- **EXERCISE**:
Wherever a line below holds the word "BLACK", copy that line.

Dataset records
((

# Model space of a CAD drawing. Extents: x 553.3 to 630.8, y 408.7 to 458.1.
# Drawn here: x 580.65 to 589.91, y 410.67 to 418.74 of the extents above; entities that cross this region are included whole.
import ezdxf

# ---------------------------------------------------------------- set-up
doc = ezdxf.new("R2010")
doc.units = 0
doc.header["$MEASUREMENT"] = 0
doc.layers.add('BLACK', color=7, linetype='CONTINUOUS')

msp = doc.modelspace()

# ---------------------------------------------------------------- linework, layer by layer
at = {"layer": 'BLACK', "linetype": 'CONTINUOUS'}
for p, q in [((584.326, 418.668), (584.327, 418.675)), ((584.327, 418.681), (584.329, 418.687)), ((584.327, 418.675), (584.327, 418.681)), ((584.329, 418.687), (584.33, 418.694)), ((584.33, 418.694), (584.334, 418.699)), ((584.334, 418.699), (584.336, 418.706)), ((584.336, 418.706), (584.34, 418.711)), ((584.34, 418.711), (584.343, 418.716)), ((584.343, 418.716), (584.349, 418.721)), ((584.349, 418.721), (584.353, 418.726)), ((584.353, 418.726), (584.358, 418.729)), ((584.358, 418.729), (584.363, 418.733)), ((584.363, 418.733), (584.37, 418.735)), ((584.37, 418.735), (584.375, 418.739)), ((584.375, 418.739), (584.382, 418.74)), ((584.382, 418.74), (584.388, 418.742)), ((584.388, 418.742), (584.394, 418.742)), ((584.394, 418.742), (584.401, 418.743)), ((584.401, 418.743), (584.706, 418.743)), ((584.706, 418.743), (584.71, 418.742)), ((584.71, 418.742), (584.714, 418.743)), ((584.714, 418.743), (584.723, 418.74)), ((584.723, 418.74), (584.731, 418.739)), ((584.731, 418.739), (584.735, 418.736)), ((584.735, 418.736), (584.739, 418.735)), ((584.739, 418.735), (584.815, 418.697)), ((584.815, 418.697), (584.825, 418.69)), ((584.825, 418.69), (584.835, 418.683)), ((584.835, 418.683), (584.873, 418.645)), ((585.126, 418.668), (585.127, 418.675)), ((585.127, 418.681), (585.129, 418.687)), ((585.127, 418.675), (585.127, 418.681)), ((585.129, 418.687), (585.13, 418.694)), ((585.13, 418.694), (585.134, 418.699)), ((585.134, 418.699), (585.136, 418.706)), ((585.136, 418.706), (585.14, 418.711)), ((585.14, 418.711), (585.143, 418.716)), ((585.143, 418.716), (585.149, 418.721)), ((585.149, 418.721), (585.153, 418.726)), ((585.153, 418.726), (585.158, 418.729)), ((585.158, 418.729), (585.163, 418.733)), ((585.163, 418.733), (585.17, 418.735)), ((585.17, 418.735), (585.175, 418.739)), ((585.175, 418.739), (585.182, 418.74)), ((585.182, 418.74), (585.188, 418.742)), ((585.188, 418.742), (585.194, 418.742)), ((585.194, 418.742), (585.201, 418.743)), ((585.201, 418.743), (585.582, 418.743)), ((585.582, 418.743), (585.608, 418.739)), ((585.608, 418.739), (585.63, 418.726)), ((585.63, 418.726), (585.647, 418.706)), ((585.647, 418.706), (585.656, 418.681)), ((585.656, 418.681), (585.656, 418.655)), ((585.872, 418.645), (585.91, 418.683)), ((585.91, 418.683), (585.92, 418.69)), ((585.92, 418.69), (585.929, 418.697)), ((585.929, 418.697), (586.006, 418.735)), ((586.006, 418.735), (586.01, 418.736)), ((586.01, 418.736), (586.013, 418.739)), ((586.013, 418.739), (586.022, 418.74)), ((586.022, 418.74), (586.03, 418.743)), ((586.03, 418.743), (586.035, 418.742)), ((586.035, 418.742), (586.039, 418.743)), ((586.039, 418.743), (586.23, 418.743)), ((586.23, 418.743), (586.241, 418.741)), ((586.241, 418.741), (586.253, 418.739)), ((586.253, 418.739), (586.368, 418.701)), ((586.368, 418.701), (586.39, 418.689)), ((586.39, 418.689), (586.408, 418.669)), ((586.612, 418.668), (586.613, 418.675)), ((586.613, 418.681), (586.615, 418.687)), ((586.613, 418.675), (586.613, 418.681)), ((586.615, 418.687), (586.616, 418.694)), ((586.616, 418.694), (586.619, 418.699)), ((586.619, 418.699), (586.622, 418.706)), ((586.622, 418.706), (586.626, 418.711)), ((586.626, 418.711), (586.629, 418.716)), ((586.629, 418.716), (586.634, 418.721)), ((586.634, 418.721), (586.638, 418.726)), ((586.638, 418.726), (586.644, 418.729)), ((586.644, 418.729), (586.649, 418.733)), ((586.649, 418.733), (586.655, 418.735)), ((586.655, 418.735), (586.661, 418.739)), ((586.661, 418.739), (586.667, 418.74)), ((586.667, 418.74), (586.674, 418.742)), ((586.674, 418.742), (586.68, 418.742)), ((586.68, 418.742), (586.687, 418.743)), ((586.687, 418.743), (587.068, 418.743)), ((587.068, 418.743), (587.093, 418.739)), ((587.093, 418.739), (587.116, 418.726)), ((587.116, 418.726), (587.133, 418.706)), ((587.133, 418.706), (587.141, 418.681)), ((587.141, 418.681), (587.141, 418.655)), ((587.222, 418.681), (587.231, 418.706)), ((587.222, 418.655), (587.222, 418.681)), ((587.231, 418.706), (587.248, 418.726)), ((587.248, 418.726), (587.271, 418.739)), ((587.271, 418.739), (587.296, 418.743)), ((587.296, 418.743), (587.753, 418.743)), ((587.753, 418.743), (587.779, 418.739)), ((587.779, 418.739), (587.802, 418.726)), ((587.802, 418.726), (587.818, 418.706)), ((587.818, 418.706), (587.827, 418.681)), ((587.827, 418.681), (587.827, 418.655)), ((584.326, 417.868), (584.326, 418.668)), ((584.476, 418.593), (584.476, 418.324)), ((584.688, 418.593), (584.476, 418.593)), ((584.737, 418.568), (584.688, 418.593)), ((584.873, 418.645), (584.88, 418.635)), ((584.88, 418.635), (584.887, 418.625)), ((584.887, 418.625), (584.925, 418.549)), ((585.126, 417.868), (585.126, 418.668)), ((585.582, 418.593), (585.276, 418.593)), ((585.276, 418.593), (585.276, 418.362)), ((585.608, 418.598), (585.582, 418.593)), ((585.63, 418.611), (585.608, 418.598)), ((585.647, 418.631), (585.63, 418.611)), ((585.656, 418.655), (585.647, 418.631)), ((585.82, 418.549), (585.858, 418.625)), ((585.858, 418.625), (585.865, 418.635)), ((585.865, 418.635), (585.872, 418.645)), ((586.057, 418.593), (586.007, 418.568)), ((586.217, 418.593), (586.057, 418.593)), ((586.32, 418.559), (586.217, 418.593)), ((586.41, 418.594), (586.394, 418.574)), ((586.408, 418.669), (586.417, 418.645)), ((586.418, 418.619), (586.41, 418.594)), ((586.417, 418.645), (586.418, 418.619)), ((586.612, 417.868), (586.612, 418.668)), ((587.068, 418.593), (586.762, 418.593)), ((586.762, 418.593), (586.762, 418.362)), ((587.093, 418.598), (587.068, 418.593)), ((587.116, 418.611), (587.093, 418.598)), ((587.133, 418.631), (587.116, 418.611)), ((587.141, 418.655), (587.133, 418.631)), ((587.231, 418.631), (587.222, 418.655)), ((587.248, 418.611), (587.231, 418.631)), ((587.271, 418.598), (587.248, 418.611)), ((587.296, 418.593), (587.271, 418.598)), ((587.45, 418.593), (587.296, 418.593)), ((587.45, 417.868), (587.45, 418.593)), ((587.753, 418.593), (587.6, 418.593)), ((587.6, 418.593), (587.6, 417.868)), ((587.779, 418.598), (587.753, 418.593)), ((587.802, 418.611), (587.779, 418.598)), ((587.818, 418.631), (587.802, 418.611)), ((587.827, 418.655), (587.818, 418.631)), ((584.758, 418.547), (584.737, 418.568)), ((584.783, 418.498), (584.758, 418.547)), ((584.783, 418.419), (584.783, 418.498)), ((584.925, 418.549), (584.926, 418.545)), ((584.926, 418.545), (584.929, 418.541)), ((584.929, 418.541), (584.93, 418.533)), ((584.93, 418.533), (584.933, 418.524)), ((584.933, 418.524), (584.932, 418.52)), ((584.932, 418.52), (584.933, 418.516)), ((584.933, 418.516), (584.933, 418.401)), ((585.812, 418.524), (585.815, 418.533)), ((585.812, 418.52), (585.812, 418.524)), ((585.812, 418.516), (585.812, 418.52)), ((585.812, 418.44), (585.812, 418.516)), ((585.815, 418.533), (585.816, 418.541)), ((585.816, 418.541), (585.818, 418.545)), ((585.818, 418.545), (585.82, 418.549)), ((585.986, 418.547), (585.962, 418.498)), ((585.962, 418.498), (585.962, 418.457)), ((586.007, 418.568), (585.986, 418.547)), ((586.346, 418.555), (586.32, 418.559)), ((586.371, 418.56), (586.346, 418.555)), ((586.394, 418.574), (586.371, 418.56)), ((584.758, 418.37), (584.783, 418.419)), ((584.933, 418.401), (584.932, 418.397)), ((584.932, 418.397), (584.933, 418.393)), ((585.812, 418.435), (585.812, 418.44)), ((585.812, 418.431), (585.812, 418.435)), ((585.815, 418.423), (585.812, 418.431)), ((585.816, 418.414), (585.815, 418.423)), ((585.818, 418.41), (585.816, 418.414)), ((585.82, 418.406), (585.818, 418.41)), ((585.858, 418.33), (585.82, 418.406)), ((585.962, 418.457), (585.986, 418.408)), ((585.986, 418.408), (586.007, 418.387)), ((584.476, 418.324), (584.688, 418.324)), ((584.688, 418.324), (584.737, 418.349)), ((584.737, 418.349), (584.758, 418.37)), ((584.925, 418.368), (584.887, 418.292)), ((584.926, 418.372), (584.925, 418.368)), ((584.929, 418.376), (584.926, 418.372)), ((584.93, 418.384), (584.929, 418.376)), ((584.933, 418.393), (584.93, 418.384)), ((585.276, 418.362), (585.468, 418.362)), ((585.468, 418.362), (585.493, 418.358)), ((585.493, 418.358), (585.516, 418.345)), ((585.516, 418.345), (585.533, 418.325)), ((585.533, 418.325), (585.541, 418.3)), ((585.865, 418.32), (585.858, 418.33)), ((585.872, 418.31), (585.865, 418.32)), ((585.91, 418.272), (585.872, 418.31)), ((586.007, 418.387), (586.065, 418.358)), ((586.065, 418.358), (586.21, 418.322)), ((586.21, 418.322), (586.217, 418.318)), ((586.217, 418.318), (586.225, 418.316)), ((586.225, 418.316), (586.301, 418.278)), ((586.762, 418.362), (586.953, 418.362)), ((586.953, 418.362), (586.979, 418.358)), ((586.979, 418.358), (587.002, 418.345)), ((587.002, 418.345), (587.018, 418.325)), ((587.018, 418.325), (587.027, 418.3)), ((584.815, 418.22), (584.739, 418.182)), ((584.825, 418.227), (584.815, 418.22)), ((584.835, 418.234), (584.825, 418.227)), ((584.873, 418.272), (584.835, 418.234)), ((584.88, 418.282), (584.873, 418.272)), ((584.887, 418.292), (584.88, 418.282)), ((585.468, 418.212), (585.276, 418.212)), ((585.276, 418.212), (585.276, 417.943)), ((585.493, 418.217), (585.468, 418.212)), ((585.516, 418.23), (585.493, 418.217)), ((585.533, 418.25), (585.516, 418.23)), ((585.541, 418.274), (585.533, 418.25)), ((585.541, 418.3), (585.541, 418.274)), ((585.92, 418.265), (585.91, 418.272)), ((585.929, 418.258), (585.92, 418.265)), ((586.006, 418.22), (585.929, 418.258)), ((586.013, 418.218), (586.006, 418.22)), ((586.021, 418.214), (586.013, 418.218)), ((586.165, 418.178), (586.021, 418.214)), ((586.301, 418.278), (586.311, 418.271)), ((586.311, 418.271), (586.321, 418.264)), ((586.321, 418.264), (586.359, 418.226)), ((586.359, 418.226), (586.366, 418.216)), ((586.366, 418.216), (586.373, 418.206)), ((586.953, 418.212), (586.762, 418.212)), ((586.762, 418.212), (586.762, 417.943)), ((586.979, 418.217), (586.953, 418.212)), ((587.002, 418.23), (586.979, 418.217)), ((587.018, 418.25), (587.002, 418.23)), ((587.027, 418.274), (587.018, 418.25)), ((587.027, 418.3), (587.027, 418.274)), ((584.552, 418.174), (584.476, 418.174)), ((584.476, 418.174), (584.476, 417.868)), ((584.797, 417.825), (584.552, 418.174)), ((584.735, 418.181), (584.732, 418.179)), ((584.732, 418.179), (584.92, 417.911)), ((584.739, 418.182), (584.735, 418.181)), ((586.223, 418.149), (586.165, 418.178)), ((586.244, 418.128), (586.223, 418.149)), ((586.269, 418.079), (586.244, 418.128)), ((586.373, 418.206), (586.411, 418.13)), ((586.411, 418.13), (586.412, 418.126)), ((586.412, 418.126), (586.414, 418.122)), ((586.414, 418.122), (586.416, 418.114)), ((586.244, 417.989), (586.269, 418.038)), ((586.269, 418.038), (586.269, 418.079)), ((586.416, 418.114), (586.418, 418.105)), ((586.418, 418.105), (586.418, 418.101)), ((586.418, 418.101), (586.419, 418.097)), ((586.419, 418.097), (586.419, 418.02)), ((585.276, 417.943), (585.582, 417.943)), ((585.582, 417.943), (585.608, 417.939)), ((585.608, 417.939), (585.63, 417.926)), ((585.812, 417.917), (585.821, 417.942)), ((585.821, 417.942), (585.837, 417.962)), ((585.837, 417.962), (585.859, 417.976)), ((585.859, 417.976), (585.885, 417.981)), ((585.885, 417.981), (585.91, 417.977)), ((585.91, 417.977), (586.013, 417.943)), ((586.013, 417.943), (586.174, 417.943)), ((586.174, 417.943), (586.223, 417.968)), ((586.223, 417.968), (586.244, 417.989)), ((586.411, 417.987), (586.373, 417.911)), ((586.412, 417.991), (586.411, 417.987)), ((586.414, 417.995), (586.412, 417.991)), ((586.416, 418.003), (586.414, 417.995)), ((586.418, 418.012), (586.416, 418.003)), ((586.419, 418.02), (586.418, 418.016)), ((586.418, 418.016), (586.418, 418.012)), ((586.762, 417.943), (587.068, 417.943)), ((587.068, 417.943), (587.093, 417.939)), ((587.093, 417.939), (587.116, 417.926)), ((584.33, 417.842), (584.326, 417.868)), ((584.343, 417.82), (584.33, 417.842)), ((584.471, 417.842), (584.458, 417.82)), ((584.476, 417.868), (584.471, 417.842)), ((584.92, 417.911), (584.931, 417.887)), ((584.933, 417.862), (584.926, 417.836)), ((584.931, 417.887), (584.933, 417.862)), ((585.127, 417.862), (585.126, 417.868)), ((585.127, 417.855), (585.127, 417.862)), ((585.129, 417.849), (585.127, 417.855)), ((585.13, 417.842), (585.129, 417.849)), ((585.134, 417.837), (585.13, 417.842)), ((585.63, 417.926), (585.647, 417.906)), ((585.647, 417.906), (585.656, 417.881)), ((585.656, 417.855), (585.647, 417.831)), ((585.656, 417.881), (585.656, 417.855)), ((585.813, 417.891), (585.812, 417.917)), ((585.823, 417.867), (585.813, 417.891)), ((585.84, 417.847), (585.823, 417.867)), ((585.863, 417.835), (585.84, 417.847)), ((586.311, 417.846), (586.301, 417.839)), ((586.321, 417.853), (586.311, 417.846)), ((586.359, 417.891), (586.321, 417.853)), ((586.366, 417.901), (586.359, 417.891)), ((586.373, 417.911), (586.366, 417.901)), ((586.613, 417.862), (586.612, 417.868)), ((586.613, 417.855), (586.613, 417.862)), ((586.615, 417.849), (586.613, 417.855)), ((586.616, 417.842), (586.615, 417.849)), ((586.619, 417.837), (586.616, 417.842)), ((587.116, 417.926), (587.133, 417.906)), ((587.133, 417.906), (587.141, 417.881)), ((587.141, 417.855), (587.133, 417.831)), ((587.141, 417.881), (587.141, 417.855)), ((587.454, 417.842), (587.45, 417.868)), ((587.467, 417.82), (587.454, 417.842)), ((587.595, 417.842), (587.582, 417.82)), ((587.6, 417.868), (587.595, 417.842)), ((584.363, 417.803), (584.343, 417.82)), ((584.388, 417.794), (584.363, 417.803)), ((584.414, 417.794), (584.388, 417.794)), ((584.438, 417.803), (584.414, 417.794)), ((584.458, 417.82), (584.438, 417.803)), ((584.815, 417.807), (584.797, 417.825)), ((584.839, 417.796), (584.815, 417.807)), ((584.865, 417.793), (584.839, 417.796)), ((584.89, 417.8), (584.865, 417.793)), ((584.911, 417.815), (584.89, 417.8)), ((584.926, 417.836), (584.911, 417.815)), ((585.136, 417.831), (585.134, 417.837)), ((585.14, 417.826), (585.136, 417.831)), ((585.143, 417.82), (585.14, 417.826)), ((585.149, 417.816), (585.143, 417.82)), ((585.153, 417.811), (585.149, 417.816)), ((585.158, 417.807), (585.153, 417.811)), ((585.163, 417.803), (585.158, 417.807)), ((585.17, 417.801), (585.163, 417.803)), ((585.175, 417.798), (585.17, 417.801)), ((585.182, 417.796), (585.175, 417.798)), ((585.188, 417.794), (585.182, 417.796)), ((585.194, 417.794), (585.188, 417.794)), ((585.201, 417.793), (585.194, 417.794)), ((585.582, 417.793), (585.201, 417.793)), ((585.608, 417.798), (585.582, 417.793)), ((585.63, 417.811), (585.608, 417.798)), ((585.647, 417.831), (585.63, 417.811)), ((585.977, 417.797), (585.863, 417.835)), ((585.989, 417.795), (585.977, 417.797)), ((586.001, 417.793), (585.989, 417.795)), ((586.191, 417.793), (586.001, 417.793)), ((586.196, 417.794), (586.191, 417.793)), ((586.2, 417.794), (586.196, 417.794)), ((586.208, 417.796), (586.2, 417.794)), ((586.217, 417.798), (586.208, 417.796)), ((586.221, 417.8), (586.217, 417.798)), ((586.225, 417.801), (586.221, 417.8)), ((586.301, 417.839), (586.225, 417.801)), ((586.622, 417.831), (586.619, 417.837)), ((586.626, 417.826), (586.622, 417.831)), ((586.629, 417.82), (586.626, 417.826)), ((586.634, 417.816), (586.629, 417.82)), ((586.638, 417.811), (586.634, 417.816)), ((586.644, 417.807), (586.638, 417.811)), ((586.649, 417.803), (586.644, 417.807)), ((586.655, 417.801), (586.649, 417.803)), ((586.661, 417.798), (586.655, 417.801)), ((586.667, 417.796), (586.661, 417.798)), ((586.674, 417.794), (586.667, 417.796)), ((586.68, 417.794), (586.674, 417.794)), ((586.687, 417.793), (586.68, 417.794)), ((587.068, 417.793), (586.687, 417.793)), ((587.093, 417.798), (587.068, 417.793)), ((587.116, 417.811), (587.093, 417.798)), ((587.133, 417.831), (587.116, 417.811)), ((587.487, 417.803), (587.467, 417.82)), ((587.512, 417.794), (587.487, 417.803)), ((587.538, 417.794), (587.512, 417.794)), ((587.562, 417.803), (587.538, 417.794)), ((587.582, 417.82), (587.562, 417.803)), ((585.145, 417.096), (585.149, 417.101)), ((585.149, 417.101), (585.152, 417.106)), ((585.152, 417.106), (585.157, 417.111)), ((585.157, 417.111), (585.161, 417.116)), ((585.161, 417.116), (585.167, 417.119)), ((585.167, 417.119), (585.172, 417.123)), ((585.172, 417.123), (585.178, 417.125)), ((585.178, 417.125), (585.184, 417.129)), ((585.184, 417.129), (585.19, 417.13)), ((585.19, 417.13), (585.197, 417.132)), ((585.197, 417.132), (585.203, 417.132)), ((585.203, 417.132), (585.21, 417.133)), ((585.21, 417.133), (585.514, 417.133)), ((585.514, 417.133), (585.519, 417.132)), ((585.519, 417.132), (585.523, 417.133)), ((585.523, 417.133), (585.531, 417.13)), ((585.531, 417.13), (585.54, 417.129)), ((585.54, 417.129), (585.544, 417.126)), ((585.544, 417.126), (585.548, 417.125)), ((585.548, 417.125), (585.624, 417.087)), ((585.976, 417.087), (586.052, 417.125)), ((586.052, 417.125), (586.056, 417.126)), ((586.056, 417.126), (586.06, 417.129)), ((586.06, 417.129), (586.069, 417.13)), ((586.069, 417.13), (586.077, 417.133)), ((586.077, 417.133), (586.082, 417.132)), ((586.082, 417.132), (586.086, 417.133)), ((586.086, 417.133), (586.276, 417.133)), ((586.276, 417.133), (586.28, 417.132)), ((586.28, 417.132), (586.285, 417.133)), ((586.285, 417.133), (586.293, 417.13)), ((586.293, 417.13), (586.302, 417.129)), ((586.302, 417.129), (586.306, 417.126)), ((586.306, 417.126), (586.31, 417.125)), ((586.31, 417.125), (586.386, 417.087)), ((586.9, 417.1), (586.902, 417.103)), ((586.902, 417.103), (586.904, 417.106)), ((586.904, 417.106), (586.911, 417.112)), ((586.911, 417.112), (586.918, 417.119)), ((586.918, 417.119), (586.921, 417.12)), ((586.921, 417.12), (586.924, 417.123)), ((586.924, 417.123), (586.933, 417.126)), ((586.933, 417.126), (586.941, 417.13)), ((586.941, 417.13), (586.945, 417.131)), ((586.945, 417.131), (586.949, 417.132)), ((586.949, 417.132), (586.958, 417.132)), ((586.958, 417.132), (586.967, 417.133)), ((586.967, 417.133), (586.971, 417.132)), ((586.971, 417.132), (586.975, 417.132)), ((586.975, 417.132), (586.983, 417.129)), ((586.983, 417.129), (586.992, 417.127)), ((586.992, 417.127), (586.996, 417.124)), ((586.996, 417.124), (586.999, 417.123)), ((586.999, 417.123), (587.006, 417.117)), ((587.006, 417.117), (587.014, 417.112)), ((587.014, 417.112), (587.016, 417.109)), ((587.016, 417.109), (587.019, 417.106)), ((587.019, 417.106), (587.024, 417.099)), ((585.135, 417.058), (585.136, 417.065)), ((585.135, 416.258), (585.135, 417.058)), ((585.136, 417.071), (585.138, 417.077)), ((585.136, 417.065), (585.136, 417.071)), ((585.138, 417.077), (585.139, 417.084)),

))

- **SOLUTION FOR THIS PROBLEM**:
doc.layers.add('BLACK', color=7, linetype='CONTINUOUS')
at = {"layer": 'BLACK', "linetype": 'CONTINUOUS'}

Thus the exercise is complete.